King was in Atlanta when five bombs went off at parsonages and
churches in Montgomery in the early morning hours of January 10, 1957. On
this date, a two-day meeting was scheduled to begin in Ebenezer Baptist Church
to lay out plans to create an organization to maintain the momentum of the
movement for change throughout the South.

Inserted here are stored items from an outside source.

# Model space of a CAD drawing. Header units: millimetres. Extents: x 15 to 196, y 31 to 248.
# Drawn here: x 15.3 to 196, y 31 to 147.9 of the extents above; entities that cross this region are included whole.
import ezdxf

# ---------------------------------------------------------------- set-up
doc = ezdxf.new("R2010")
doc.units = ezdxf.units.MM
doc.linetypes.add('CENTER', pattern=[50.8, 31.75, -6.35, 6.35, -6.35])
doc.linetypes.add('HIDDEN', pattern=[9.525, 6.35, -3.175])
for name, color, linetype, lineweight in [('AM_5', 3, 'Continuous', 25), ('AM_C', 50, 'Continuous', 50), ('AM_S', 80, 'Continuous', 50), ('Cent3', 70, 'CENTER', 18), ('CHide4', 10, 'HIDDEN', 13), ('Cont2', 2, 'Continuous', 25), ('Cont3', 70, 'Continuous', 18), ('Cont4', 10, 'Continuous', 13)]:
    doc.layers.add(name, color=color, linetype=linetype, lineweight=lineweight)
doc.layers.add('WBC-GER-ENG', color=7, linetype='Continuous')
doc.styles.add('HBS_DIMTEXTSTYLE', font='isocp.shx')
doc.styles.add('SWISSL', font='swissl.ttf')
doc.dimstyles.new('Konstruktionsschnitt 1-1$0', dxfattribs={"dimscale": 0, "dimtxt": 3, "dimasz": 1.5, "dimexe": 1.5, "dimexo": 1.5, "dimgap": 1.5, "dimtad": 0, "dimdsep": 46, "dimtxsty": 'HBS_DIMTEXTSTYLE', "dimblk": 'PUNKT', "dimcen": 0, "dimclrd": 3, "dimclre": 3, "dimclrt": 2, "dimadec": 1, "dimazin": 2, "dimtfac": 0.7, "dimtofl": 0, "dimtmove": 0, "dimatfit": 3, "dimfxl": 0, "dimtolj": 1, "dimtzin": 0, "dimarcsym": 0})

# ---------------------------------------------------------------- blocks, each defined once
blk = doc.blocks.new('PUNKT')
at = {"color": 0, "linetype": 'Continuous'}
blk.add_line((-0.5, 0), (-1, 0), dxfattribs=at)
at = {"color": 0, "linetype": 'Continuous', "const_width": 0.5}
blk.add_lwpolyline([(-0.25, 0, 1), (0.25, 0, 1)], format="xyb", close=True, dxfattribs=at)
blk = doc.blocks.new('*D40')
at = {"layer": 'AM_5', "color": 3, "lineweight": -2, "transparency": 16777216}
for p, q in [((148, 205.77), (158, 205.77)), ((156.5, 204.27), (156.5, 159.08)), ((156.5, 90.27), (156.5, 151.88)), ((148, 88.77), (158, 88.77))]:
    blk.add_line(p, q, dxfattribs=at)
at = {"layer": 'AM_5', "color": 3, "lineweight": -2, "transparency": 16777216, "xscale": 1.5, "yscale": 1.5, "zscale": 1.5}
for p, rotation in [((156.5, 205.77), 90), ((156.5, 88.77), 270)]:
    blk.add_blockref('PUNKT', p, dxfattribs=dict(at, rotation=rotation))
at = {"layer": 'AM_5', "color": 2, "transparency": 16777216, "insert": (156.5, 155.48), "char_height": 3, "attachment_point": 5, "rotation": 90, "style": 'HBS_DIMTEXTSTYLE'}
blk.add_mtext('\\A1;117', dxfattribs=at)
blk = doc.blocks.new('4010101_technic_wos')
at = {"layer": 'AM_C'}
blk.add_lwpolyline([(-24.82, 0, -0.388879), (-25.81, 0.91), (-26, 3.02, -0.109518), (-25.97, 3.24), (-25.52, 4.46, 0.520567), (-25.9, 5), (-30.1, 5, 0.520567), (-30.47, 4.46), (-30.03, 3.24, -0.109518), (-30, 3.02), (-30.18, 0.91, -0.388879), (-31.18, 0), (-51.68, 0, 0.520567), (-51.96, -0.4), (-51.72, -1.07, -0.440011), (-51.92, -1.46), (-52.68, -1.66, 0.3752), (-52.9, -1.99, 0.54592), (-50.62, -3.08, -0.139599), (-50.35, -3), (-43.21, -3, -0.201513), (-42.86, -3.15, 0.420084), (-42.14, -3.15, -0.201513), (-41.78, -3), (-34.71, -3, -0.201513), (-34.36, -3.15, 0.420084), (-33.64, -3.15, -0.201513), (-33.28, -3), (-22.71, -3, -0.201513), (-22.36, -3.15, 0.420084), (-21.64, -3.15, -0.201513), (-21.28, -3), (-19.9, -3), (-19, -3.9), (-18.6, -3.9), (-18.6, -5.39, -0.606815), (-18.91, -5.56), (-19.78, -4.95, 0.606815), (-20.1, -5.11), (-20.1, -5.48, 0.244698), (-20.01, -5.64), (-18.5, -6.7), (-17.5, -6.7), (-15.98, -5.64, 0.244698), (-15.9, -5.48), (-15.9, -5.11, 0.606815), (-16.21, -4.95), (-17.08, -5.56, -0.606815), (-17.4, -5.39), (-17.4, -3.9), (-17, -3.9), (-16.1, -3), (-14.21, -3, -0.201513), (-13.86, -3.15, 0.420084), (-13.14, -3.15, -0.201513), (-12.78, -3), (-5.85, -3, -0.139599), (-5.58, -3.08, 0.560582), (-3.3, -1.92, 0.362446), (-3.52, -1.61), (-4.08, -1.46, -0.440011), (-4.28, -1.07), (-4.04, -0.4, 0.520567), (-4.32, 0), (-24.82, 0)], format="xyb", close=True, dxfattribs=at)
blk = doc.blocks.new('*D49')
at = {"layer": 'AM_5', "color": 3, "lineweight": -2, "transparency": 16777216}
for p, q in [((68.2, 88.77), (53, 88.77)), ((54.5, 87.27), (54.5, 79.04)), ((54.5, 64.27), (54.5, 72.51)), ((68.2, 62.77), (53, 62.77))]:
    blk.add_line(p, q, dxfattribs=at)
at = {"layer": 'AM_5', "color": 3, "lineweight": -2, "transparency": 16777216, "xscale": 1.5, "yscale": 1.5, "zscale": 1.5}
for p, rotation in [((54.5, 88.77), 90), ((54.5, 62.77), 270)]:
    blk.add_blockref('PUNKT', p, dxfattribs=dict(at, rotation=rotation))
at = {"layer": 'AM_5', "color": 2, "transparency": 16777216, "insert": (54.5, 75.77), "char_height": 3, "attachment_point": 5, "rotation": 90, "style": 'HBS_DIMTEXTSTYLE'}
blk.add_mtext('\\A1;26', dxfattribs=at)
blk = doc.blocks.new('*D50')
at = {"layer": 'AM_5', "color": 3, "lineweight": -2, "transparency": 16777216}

King returned to Montgomery to inspect the bomb damage and King
was present for only the final hours of the meeting. In a follow-up meeting
in New Orleans on February 14, the group adopted the name, Southern Christian
Leadership Conference (SCLC) and elected King as president. King made his
first trip abroad to attend the independent ceremonies in Ghana on March 5,
1958. In June, King received the NAACP’s Spingard Medal for his leadership.
King and his organization became increasingly estranged from the
NAACP’s Roy Wilkins, who feared the effect of another mass black organization
on the NAACP’s branches in the South and also disapproved of the SCLC’s call
for direct action. Nonetheless, King pressed forward with the SCLC’s plans
for a voter registration drive beginning in 1958. In need of a capable
organizer at the Atlanta office, the SCLC’s first choice was Bayard Rustin.
He was a very effective worker, but also vulnerable to smears dealing with his
homosexuality. Rustin found a role at SCLC in a less visible position. Ila
Baker came to Atlanta to take Rustin’s place and shoulder much of the initial
burden of organizational work for the SCLC. In spite of her efforts, the 1958
Lincoln Day launch of the voter registration failed to attract much attention
and the SCLC seemed on the verge of disappearing.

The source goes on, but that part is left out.